As a technology, Claude Code is impressive: porting an existing tool to another language took less than an hour, with another hour or so spent doing the optimizations. The generated code was readable, compiled without friction, and came with sensible comments, tests, and coverage. At the same time, it is tempting to let the AI run ahead without staying in the loop. While it excelled at implementing familiar patterns and making reasonable architectural choices, such as reconstructing the internals of the evol library or introducing parallelism with rayon, it still required guidance on overall direction and verification that the output matched expectations. Early issues in image rendering were a good reminder that correct-looking code is not the same as correct behavior.

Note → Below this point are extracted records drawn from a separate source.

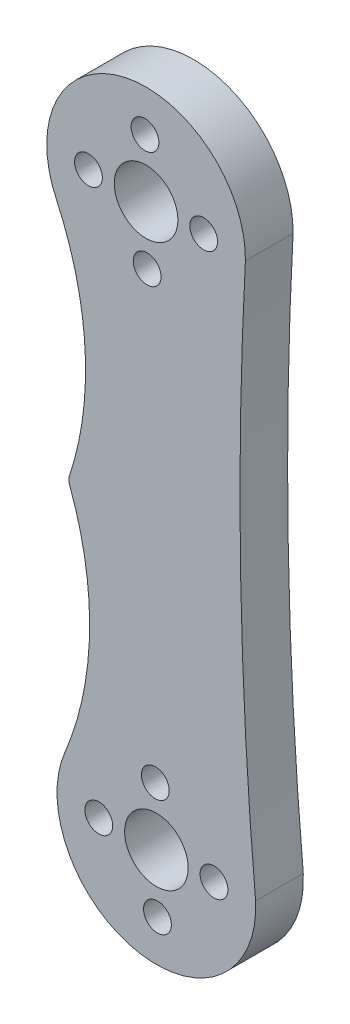
ISO-10303-21;
HEADER;
FILE_DESCRIPTION(('STEP AP214'),'2;1');
FILE_NAME('part.step','',(''),(''),'','','');
FILE_SCHEMA(('AUTOMOTIVE_DESIGN { 1 0 10303 214 1 1 1 1 }'));
ENDSEC;
DATA;
#1=APPLICATION_CONTEXT('core data for automotive mechanical design processes');
#2=APPLICATION_PROTOCOL_DEFINITION('international standard','automotive_design',2000,#1);
#3=PRODUCT_CONTEXT('',#1,'mechanical');
#4=PRODUCT('Part','Part','',(#3));
#5=PRODUCT_RELATED_PRODUCT_CATEGORY('part','',(#4));
#6=PRODUCT_DEFINITION_FORMATION('','',#4);
#7=PRODUCT_DEFINITION_CONTEXT('part definition',#1,'design');
#8=PRODUCT_DEFINITION('design','',#6,#7);
#9=PRODUCT_DEFINITION_SHAPE('','',#8);
#10=(LENGTH_UNIT() NAMED_UNIT(*) SI_UNIT(.MILLI.,.METRE.));
#11=(NAMED_UNIT(*) PLANE_ANGLE_UNIT() SI_UNIT($,.RADIAN.));
#12=(NAMED_UNIT(*) SI_UNIT($,.STERADIAN.) SOLID_ANGLE_UNIT());
#13=UNCERTAINTY_MEASURE_WITH_UNIT(LENGTH_MEASURE(1.E-05),#10,'distance_accuracy_value','');
#14=(GEOMETRIC_REPRESENTATION_CONTEXT(3) GLOBAL_UNCERTAINTY_ASSIGNED_CONTEXT((#13)) GLOBAL_UNIT_ASSIGNED_CONTEXT((#10,
#11,#12)) REPRESENTATION_CONTEXT('',''));
#15=CARTESIAN_POINT('',(0.,0.,0.));
#16=DIRECTION('',(0.,0.,1.));
#17=DIRECTION('',(1.,0.,0.));
#18=AXIS2_PLACEMENT_3D('',#15,#16,#17);
#19=CARTESIAN_POINT('',(0.,0.,0.));
#20=DIRECTION('',(0.,0.,-1.));
#21=DIRECTION('',(-1.,0.,0.));
#22=AXIS2_PLACEMENT_3D('',#19,#20,#21);
#23=PLANE('',#22);
#24=CARTESIAN_POINT('',(6.28299695814358,35.7797986204869,0.));
#25=DIRECTION('',(0.,0.,-1.));
#26=DIRECTION('',(-1.,0.,0.));
#27=AXIS2_PLACEMENT_3D('',#24,#25,#26);
#28=CIRCLE('',#27,1.75);
#29=CARTESIAN_POINT('',(4.53299695814358,35.7797986204869,0.));
#30=VERTEX_POINT('',#29);
#31=EDGE_CURVE('E315',#30,#30,#28,.T.);
#32=ORIENTED_EDGE('',*,*,#31,.F.);
#33=EDGE_LOOP('',(#32));
#34=FACE_BOUND('',#33,.T.);
#35=CARTESIAN_POINT('',(0.33320967582327,-34.3426837321449,0.));
#36=DIRECTION('',(0.,0.,-1.));
#37=DIRECTION('',(-1.,0.,0.));
#38=AXIS2_PLACEMENT_3D('',#35,#36,#37);
#39=CIRCLE('',#38,3.99999999999999);
#40=CARTESIAN_POINT('',(-3.66679032417672,-34.3426837321449,0.));
#41=VERTEX_POINT('',#40);
#42=EDGE_CURVE('E319',#41,#41,#39,.T.);
#43=ORIENTED_EDGE('',*,*,#42,.F.);
#44=EDGE_LOOP('',(#43));
#45=FACE_BOUND('',#44,.T.);
#46=CARTESIAN_POINT('',(0.198674082808035,-27.0939321034704,0.));
#47=DIRECTION('',(0.,0.,-1.));
#48=DIRECTION('',(-1.,0.,0.));
#49=AXIS2_PLACEMENT_3D('',#46,#47,#48);
#50=CIRCLE('',#49,1.75);
#51=CARTESIAN_POINT('',(-1.55132591719197,-27.0939321034704,0.));
#52=VERTEX_POINT('',#51);
#53=EDGE_CURVE('E323',#52,#52,#50,.T.);
#54=ORIENTED_EDGE('',*,*,#53,.F.);
#55=EDGE_LOOP('',(#54));
#56=FACE_BOUND('',#55,.T.);
#57=CARTESIAN_POINT('',(-6.91554195285128,-34.4772193251602,0.));
#58=DIRECTION('',(0.,0.,-1.));
#59=DIRECTION('',(-1.,0.,0.));
#60=AXIS2_PLACEMENT_3D('',#57,#58,#59);
#61=CIRCLE('',#60,1.75);
#62=CARTESIAN_POINT('',(-8.66554195285128,-34.4772193251602,0.));
#63=VERTEX_POINT('',#62);
#64=EDGE_CURVE('E327',#63,#63,#61,.T.);
#65=ORIENTED_EDGE('',*,*,#64,.F.);
#66=EDGE_LOOP('',(#65));
#67=FACE_BOUND('',#66,.T.);
#68=CARTESIAN_POINT('',(-0.965754670530769,35.6452630274715,0.));
#69=DIRECTION('',(0.,0.,-1.));
#70=DIRECTION('',(-1.,0.,0.));
#71=AXIS2_PLACEMENT_3D('',#68,#69,#70);
#72=CIRCLE('',#71,4.);
#73=CARTESIAN_POINT('',(-4.96575467053077,35.6452630274715,0.));
#74=VERTEX_POINT('',#73);
#75=EDGE_CURVE('E331',#74,#74,#72,.T.);
#76=ORIENTED_EDGE('',*,*,#75,.F.);
#77=EDGE_LOOP('',(#76));
#78=FACE_BOUND('',#77,.T.);
#79=CARTESIAN_POINT('',(-1.10029026354642,42.894014656146,0.));
#80=DIRECTION('',(0.,0.,-1.));
#81=DIRECTION('',(-1.,0.,0.));
#82=AXIS2_PLACEMENT_3D('',#79,#80,#81);
#83=CIRCLE('',#82,1.75);
#84=CARTESIAN_POINT('',(-2.85029026354642,42.894014656146,0.));
#85=VERTEX_POINT('',#84);
#86=EDGE_CURVE('E259',#85,#85,#83,.T.);
#87=ORIENTED_EDGE('',*,*,#86,.F.);
#88=EDGE_LOOP('',(#87));
#89=FACE_BOUND('',#88,.T.);
#90=CARTESIAN_POINT('',(-8.21450629920553,35.510727434456,0.));
#91=DIRECTION('',(0.,0.,-1.));
#92=DIRECTION('',(-1.,0.,0.));
#93=AXIS2_PLACEMENT_3D('',#90,#91,#92);
#94=CIRCLE('',#93,1.75000000000001);
#95=CARTESIAN_POINT('',(-9.96450629920554,35.510727434456,0.));
#96=VERTEX_POINT('',#95);
#97=EDGE_CURVE('E338',#96,#96,#94,.T.);
#98=ORIENTED_EDGE('',*,*,#97,.F.);
#99=EDGE_LOOP('',(#98));
#100=FACE_BOUND('',#99,.T.);
#101=CARTESIAN_POINT('',(-0.831219077515529,28.3965113987969,0.));
#102=DIRECTION('',(0.,0.,-1.));
#103=DIRECTION('',(-1.,0.,0.));
#104=AXIS2_PLACEMENT_3D('',#101,#102,#103);
#105=CIRCLE('',#104,1.75);
#106=CARTESIAN_POINT('',(-2.58121907751553,28.3965113987969,0.));
#107=VERTEX_POINT('',#106);
#108=EDGE_CURVE('E342',#107,#107,#105,.T.);
#109=ORIENTED_EDGE('',*,*,#108,.F.);
#110=EDGE_LOOP('',(#109));
#111=FACE_BOUND('',#110,.T.);
#112=CARTESIAN_POINT('',(7.58196130449783,-34.2081481391297,0.));
#113=DIRECTION('',(0.,0.,-1.));
#114=DIRECTION('',(-1.,0.,0.));
#115=AXIS2_PLACEMENT_3D('',#112,#113,#114);
#116=CIRCLE('',#115,1.75);
#117=CARTESIAN_POINT('',(5.83196130449783,-34.2081481391297,0.));
#118=VERTEX_POINT('',#117);
#119=EDGE_CURVE('E346',#118,#118,#116,.T.);
#120=ORIENTED_EDGE('',*,*,#119,.F.);
#121=EDGE_LOOP('',(#120));
#122=FACE_BOUND('',#121,.T.);
#123=CARTESIAN_POINT('',(0.467745268838516,-41.5914353608195,0.));
#124=DIRECTION('',(0.,0.,-1.));
#125=DIRECTION('',(-1.,0.,0.));
#126=AXIS2_PLACEMENT_3D('',#123,#124,#125);
#127=CIRCLE('',#126,1.75);
#128=CARTESIAN_POINT('',(-1.28225473116149,-41.5914353608195,0.));
#129=VERTEX_POINT('',#128);
#130=EDGE_CURVE('E349',#129,#129,#127,.T.);
#131=ORIENTED_EDGE('',*,*,#130,.F.);
#132=EDGE_LOOP('',(#131));
#133=FACE_BOUND('',#132,.T.);
#134=CARTESIAN_POINT('',(-0.965754670530769,35.6452630274715,0.));
#135=DIRECTION('',(0.,0.,-1.));
#136=DIRECTION('',(-1.,0.,0.));
#137=AXIS2_PLACEMENT_3D('',#134,#135,#136);
#138=CIRCLE('',#137,12.5);
#139=CARTESIAN_POINT('',(11.5324563655126,35.4337898648138,0.));
#140=VERTEX_POINT('',#139);
#141=CARTESIAN_POINT('',(-12.3021076636113,30.378660629694,0.));
#142=VERTEX_POINT('',#141);
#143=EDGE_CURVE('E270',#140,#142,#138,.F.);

As a learning tool, the experience had clear strengths and limitations. Working on a project I already understood made it easy to identify which Rust concepts actually mattered for this type of application. Through reviewing the generated code, I gained a much better understanding of concepts like: ownership and borrowing, enums and pattern matching, rayon, and the surrounding tooling with cargo. The comments generated by Claude Code were particularly useful in pointing out these concepts and providing the right keywords to look up in the official documentation. However, with all code being written for me, syntax simply did not stick. I would not be able to write Rust from scratch after this project, and I cannot meaningfully judge how idiomatic the code is style-wise. Not having to write or modify any of the code was efficient, and I would not have had the time to take on this project, but also somewhat bittersweet, as actually enjoy that part of the process.

The real value was therefore not just the 50x speedup over Python, though that is certainly nice (and allows comparisons with more shapes, larger populations and more generations as you can see above in Grant Wood’s American Gothic, where 400 triangles or 600 circles were used). It was the ability to explore a new language with limited time available and get a quick impression of the tooling and the ecosystem. Using Claude Code on a project I would not have been able to do myself was also a humbling experience, these tools are incredebly powerfull! But they are not fully autonomous agents that can do a project like this from A-Z without guidance. The key is treating the AI as an experienced pair programmer: it can write the code, but you still need to understand the architecture, review the implementation, and verify that it solves the right problem. For exploring new technologies while still learning from a concrete, real project, this approach worked remarkably well.